In conclusion, the findings of an association between SNPs in TCF4 and FECD differed depending on the ethnic background of the patients. The CTG repeat in intron 3 of TCF4 was always identified in all ethnic groups studied thus far, but with some variations in frequency. Here, we provide additional evidence that the CTG TNR in TCF4 is associated with FECD in the Thai population. To the best of our knowledge, this is the first genetic analysis of FECD in Thailand.

Summary

What was known before

  • A significant association between the SNP in the TCF4 and late-onset FECD was shown in the Caucasian population.

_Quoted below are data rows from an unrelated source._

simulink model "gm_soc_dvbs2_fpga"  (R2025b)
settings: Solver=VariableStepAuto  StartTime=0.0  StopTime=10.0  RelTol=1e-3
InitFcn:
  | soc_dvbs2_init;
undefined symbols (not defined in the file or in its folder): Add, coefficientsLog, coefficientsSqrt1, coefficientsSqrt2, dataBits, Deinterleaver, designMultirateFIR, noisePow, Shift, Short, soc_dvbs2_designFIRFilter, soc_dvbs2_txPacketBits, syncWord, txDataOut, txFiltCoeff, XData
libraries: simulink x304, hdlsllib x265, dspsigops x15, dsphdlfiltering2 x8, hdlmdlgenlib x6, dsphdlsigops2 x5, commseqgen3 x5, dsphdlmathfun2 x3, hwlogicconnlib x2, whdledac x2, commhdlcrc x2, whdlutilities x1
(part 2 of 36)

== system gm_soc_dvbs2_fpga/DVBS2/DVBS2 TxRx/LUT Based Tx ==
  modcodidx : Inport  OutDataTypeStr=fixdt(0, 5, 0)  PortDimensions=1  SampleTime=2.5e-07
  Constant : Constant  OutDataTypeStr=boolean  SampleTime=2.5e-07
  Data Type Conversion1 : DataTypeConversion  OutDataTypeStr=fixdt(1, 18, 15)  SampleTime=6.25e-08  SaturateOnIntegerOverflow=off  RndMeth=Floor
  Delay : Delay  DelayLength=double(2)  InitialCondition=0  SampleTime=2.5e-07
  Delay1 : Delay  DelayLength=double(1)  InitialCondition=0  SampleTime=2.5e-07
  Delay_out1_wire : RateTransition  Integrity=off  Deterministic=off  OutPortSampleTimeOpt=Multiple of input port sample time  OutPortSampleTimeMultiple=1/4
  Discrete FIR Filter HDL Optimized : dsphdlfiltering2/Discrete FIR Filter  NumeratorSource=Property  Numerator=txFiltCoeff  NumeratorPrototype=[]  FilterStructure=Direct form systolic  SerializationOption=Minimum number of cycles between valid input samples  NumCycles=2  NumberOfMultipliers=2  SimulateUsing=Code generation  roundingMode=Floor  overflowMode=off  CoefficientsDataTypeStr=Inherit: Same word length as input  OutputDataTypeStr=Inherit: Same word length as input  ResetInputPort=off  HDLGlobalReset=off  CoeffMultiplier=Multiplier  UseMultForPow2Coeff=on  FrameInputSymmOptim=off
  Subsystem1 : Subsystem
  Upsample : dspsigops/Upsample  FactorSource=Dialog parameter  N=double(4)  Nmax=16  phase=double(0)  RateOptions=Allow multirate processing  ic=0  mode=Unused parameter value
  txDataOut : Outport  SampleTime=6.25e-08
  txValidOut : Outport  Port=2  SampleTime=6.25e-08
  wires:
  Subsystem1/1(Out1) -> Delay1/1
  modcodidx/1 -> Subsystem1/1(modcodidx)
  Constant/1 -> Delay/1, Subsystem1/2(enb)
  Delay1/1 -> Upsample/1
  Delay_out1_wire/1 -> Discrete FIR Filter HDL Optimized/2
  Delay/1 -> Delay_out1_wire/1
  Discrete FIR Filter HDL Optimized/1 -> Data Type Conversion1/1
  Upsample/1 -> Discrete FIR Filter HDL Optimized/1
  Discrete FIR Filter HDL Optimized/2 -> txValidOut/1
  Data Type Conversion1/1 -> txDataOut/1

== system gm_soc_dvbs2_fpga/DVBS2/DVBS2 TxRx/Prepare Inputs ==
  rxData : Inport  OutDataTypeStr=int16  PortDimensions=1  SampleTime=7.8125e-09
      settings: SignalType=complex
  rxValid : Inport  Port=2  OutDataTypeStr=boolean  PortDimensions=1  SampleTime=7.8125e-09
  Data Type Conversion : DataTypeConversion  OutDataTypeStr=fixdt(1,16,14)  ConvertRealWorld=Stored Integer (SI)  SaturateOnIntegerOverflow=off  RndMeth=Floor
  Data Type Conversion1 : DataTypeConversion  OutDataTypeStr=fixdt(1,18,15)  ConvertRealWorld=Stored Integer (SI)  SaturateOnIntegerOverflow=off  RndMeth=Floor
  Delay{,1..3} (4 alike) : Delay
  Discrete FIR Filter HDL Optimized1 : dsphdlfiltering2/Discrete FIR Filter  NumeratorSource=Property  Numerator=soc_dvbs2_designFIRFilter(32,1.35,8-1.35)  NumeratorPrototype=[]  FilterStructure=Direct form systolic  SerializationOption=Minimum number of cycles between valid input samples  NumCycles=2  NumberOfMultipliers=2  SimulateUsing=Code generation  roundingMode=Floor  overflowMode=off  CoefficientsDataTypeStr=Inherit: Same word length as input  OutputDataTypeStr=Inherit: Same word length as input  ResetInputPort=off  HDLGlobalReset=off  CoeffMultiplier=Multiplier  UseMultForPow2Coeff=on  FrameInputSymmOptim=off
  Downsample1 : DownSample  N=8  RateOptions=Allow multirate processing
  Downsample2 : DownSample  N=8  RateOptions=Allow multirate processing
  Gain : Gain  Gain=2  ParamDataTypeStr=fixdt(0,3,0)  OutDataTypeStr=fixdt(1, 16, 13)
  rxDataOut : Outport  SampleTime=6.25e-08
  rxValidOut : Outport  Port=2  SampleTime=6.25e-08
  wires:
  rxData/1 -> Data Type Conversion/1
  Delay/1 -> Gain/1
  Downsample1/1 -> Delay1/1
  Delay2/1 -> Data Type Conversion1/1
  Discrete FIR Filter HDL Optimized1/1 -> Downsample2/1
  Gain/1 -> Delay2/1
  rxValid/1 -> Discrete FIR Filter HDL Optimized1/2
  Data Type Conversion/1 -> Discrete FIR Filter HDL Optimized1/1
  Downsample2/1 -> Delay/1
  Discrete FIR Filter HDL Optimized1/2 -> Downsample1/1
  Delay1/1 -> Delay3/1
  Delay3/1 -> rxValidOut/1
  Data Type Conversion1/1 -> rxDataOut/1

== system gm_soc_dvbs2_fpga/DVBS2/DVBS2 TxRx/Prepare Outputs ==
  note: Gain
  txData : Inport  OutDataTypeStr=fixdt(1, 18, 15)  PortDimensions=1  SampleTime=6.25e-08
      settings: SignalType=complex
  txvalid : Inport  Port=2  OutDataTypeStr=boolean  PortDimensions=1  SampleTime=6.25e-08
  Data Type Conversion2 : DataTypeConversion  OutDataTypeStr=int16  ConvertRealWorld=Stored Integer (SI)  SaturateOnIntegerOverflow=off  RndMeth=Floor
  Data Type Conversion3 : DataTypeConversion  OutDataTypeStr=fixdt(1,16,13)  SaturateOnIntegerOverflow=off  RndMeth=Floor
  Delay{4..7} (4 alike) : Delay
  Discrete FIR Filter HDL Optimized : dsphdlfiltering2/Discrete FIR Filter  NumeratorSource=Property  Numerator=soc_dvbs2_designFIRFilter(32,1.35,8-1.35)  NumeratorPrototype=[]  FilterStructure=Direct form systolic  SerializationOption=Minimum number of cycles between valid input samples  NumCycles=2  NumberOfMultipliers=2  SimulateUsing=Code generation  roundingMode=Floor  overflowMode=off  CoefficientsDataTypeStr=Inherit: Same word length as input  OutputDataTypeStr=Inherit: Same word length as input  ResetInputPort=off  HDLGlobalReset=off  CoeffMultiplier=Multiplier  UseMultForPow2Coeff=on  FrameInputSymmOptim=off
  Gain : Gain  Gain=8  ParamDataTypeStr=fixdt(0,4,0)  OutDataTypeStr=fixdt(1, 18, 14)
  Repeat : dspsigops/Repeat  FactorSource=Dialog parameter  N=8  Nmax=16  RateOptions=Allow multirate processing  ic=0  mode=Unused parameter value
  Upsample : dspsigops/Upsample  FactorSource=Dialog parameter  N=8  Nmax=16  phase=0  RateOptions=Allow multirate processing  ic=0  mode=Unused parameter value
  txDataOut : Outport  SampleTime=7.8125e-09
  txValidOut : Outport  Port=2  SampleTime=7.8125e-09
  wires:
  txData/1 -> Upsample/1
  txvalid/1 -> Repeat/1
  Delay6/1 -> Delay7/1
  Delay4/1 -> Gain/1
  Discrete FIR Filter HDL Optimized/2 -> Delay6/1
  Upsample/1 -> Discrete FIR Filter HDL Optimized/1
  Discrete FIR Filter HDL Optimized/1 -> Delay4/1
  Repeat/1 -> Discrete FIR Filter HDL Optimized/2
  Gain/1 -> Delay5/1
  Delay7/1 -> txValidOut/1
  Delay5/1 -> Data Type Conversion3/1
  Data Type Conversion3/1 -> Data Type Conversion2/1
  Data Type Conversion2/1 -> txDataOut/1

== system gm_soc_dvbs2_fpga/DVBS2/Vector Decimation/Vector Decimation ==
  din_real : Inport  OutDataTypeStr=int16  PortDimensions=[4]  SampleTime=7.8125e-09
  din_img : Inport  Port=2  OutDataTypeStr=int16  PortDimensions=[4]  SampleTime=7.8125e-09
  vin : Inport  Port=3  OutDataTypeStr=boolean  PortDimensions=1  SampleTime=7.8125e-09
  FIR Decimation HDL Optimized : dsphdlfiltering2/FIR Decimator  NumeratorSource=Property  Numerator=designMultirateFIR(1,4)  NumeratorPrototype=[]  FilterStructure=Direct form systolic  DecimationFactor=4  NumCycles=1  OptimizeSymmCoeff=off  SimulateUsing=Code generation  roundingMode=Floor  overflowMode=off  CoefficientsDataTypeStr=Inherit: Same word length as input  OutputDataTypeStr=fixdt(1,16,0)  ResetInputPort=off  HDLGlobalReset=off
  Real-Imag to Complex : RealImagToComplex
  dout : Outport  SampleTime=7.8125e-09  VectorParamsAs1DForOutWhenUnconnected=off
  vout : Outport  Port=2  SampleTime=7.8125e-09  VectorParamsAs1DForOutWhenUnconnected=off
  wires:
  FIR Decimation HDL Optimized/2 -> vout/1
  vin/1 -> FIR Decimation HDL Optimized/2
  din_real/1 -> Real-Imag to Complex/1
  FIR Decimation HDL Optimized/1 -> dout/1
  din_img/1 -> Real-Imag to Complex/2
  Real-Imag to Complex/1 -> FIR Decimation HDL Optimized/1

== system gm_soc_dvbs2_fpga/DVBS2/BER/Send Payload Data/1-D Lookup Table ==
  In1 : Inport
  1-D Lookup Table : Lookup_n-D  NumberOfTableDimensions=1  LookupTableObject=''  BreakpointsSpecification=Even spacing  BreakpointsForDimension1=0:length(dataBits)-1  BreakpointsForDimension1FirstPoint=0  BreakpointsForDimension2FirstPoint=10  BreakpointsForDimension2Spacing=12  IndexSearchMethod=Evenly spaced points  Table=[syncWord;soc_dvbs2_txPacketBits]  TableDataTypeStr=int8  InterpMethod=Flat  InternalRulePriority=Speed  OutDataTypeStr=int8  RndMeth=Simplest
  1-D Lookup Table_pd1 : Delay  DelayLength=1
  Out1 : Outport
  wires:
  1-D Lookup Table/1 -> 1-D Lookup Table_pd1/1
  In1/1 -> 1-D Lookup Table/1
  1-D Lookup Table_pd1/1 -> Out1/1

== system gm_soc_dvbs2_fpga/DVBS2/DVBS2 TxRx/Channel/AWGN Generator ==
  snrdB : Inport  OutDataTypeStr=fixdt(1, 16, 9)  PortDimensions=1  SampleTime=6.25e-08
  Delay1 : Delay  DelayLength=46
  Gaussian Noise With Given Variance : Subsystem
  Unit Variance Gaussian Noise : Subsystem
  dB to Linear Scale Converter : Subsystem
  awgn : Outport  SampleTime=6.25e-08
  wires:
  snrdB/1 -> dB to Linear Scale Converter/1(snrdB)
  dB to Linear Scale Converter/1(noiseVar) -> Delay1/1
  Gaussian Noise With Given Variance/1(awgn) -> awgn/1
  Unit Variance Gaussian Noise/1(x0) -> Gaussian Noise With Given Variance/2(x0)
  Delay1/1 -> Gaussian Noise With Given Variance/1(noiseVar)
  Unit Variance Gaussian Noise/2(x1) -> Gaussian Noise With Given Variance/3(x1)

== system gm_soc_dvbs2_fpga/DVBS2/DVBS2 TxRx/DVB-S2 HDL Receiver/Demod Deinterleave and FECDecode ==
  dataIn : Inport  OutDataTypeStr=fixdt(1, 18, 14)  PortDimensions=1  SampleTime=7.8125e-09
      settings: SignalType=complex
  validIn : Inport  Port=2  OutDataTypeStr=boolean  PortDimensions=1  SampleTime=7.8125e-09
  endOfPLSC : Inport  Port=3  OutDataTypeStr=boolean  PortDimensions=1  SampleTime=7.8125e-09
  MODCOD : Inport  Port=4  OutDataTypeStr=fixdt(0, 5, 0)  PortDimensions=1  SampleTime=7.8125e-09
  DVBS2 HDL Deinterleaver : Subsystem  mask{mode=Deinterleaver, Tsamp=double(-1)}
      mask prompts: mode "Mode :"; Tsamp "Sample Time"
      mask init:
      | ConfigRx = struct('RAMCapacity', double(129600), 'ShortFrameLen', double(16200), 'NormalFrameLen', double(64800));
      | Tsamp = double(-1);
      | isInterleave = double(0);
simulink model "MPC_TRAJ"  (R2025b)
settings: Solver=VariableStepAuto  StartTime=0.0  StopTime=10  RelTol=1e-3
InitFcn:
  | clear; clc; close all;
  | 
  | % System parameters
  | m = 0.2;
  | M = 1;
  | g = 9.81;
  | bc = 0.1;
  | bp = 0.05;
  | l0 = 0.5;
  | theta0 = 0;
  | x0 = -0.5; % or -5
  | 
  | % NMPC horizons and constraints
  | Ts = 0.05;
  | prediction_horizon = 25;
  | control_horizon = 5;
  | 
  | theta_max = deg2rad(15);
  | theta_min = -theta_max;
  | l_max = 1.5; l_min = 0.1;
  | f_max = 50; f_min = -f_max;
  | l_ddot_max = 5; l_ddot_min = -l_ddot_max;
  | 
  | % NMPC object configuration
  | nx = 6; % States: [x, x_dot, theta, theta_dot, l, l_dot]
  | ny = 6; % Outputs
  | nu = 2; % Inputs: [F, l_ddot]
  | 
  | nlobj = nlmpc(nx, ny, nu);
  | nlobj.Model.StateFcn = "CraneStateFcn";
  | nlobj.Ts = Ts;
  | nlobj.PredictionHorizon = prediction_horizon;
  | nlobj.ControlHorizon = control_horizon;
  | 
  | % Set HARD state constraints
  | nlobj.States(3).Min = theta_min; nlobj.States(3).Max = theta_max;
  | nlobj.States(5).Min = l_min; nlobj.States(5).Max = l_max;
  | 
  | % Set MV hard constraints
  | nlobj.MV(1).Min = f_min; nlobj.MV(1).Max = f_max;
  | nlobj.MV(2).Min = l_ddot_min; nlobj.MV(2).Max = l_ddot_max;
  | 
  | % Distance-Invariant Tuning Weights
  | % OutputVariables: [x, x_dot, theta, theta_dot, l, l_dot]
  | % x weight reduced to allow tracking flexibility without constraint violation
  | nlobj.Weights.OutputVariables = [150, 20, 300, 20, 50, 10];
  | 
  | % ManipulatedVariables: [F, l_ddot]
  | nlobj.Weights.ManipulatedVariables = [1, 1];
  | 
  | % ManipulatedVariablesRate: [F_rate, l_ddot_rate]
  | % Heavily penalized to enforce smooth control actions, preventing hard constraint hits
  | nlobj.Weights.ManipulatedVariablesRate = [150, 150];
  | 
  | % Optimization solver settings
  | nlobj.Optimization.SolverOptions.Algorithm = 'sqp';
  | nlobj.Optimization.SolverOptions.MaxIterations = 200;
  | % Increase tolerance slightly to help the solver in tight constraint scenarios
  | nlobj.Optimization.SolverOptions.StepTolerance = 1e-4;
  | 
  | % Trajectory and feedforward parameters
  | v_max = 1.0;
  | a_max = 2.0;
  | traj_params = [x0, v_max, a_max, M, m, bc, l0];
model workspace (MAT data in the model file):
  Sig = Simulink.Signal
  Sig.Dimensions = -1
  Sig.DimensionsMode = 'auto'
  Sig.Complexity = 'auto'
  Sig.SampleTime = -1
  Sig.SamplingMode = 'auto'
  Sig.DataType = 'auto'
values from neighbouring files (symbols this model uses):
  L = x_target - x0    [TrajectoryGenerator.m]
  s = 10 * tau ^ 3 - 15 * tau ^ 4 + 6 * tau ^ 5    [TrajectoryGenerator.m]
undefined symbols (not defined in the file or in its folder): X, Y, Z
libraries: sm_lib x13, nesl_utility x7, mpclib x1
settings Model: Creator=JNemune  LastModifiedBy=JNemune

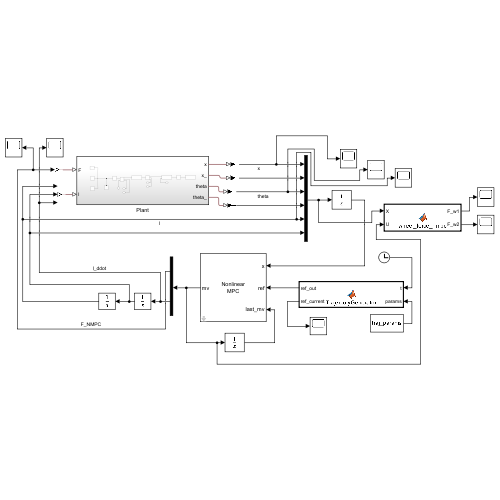
[thumbnail: Simulink's stored preview of the top-level diagram]
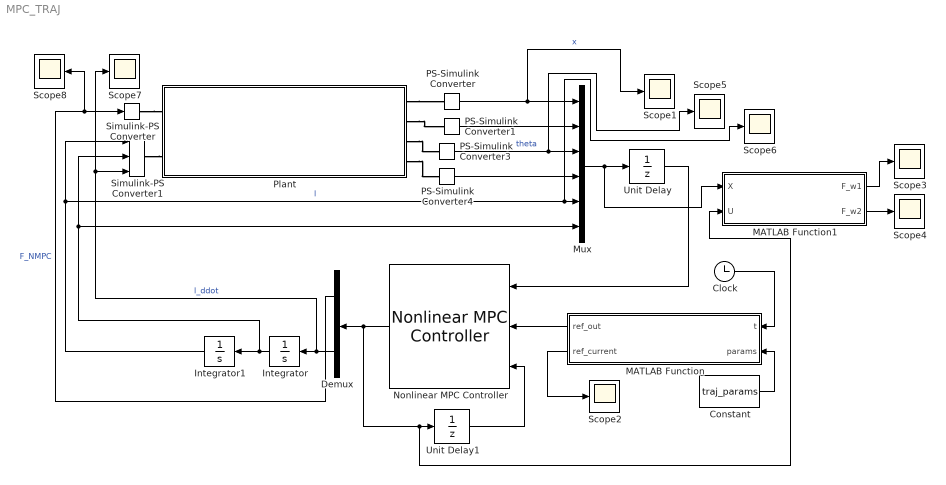
== system MPC_TRAJ ==
  Clock : Clock
  Constant : Constant  Value=traj_params
  Demux : Demux  Outputs=2
  Integrator : Integrator
  Integrator1 : Integrator  InitialCondition=l0
  MATLAB Function : MATLAB Function  TreatAsAtomicUnit=on
  MATLAB Function1 : MATLAB Function  TreatAsAtomicUnit=on
  Mux : Mux  Inputs=6
  Nonlinear MPC Controller : mpclib/Nonlinear MPC Controller  nlmpcobj=nlobj  UseObjectTs=on  UseMEX=off  md_enabled=off  mvtarget_enabled=off  param_enabled=off  cost_enabled=off  mvseq_enabled=off  stateseq_enabled=off  ovseq_enabled=off  slack_enabled=off  status_enabled=off  ov_min=off  ov_max=off  mv_min=off  mv_max=off  mvrate_min=off  mvrate_max=off  state_min=off  state_max=off  ov_weight=off  mv_weight=off  mvrate_weight=off  ecr_weight=off  nlp_initialize=off
  PS-Simulink Converter{,1,3..4} (4 alike) : nesl_utility/PS-Simulink Converter  PhysicalDomain=network_engine_domain  SubClassName=ps_output  LeftPortType=input  RightPortType=output  PseudoPeriodic=off  Frequencies=[]  VectorFormat=inherit  Unit=inherit  AffineConversion=off
  Plant : Subsystem
  Scope{1..8} (8 alike) : Scope
      Scope1 settings: Title=Plant Input (F, l_ddot)  ActiveDisplayYMinimum=-0.57069229240965214  ActiveDisplayYMaximum=0.1182567265577066
      Scope2 settings: ActiveDisplayYMinimum=-0.5625  ActiveDisplayYMaximum=0.062499999999999986  DataLoggingVariableName=ScopeData2
      Scope3 settings: Title=Plant Input (F, l_ddot)  ActiveDisplayYMinimum=5.8532583517724026  ActiveDisplayYMaximum=5.9075728848445683  DataLoggingVariableName=ScopeData3
      Scope4 settings: Title=Plant Input (F, l_ddot)  ActiveDisplayYMinimum=5.8611422440219316  ActiveDisplayYMaximum=5.9241092198238494  DataLoggingVariableName=ScopeData4
      Scope5 settings: Title=Plant Input (F, l_ddot)  ActiveDisplayYMinimum=-0.093511798344871486  ActiveDisplayYMaximum=0.060809549458767209
      Scope6 settings: Title=Plant Input (F, l_ddot)  ActiveDisplayYMinimum=0.49743738451947506  ActiveDisplayYMaximum=0.510974024582042  DataLoggingVariableName=ScopeData5
      Scope7 settings: Title=Plant Input (F, l_ddot)  ActiveDisplayYMinimum=-0.039593269711448255  ActiveDisplayYMaximum=0.049854556653327248  DataLoggingVariableName=ScopeData6
      Scope8 settings: Title=Plant Input (F, l_ddot)  ActiveDisplayYMinimum=-0.62140528534348749  ActiveDisplayYMaximum=0.7248047355020627  DataLoggingVariableName=ScopeData7
  Simulink-PS Converter : nesl_utility/Simulink-PS Converter  PhysicalDomain=network_engine_domain  SubClassName=ps_input  LeftPortType=input  RightPortType=output  PseudoPeriodic=off  Frequencies=[]  NoiseDistribution=none  NoiseParameters=[]  Unit=1  AffineConversion=off  FilteringAndDerivatives=provide  SimscapeFilterOrder=1  InputFilterTimeConstant=0.001  UdotUserProvided=0
  Simulink-PS Converter1 : nesl_utility/Simulink-PS Converter  PhysicalDomain=network_engine_domain  SubClassName=ps_input  LeftPortType=input  RightPortType=output  PseudoPeriodic=off  Frequencies=[]  NoiseDistribution=none  NoiseParameters=[]  Unit=1  AffineConversion=off  FilteringAndDerivatives=provide  SimscapeFilterOrder=1  InputFilterTimeConstant=0.001  UdotUserProvided=2
  Unit Delay : UnitDelay  InitialCondition=[0, 0, theta0, 0, l0, 0]  SampleTime=Ts  HasFrameUpgradeWarning=on
  Unit Delay1 : UnitDelay  InitialCondition=[0, 0]  SampleTime=Ts  HasFrameUpgradeWarning=on
  wires:
  PS-Simulink Converter1/1 -> Mux/2
  Integrator/1 -> Simulink-PS Converter1/2, Mux/6, Integrator1/1
  MATLAB Function/1(ref_out) -> Nonlinear MPC Controller/2
  Nonlinear MPC Controller/1 -> MATLAB Function1/2(U), Unit Delay1/1, Demux/1
  Integrator1/1 -> Simulink-PS Converter1/1, Scope6/1, Mux/5  "l"
  PS-Simulink Converter4/1 -> Mux/4
  Mux/1 -> MATLAB Function1/1(X), Unit Delay/1
  Unit Delay/1 -> Nonlinear MPC Controller/1
  Unit Delay1/1 -> Nonlinear MPC Controller/3
  PS-Simulink Converter3/1 -> Scope5/1, Mux/3  "theta"
  PS-Simulink Converter/1 -> Scope1/1, Mux/1  "x"
  Demux/2 -> Scope7/1, Simulink-PS Converter1/3, Integrator/1  "l_ddot"
  Demux/1 -> Scope8/1, Simulink-PS Converter/1  "F_NMPC"
  Clock/1 -> MATLAB Function/1(t)
  Constant/1 -> MATLAB Function/2(params)
  MATLAB Function/2(ref_current) -> Scope2/1
  MATLAB Function1/1(F_w1) -> Scope3/1
  MATLAB Function1/2(F_w2) -> Scope4/1
  connections:
  Plant/RConn2 -- PS-Simulink Converter1/LConn1
  Simulink-PS Converter1/RConn1 -- Plant/LConn2
  Simulink-PS Converter/RConn1 -- Plant/LConn1
  Plant/RConn3 -- PS-Simulink Converter3/LConn1
  Plant/RConn1 -- PS-Simulink Converter/LConn1
  Plant/RConn4 -- PS-Simulink Converter4/LConn1

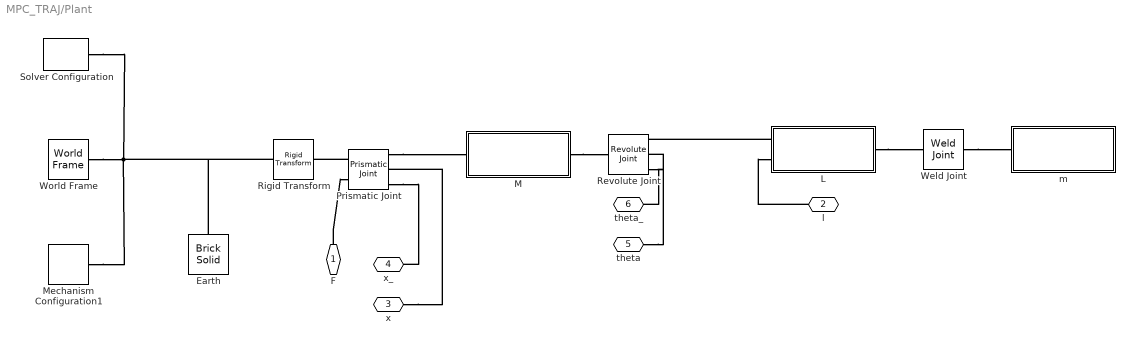
== system MPC_TRAJ/Plant ==
  Earth : sm_lib/Body Elements/Brick Solid  BrickDimensions=[1000 1 1]  BrickDimensionsUnits=mm  ExportEntireGeometry=off  InertiaType=CalculateFromGeometry  BasedOnType=Density  Density=1000  DensityUnits=kg/m^3  Mass=1  MassUnits=kg  CenterOfMass=[0 0 0]  CenterOfMassUnits=m  MomentsOfInertia=[1 1 1]  MomentsOfInertiaUnits=kg*m^2  ProductsOfInertia=[0 0 0]  ProductsOfInertiaUnits=kg*m^2  GraphicType=FromGeometry  MarkerShape=Sphere  MarkerSize=10  GraphicVisPropType=SimpleVisualProperties  GraphicDiffuseColor=[0.5 0.5 0.5]  GraphicOpacity=1.0  GraphicSpecularColor=[0.5 0.5 0.5 1.0]  GraphicAmbientColor=[0.15 0.15 0.15 1.0]  GraphicEmissiveColor=[0.0 0.0 0.0 1.0]  GraphicShininess=75  DoExposeReferenceFrame=on  SerializedFrames=<Frames/>
  L : Subsystem
  M : Subsystem
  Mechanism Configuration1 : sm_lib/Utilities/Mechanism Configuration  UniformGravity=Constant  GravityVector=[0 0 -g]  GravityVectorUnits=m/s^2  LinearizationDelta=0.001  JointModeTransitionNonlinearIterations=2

  • FECD cases frequently harbour intronic TNR expansion in TCF4 with CTG repeat ≥50 in the Caucasian population, but the proportion of the patients harbouring TNR was lower in non-Caucasians.

  • Ethnic variation of SNPs and TNR expansion in TCF4 is indicated, and the genetic analysis of FECD in Thai cases has not yet reported.

What this study adds

  • Only 2 among the 54 FECD subjects in the Thai cohort were polymorphic with regard to rs613872.

  • Twenty-one of 54 patients with FECD (39%) and 0 of 54 non-FECD controls (0%) in the Thai cohort harboured CTG TNR length ≥40.

  • This study is the first genetic analysis of FECD in Thailand which provided additional evidence that CTG repeat in TCF4 was present in all ethnic groups studied thus far with some variations in frequency.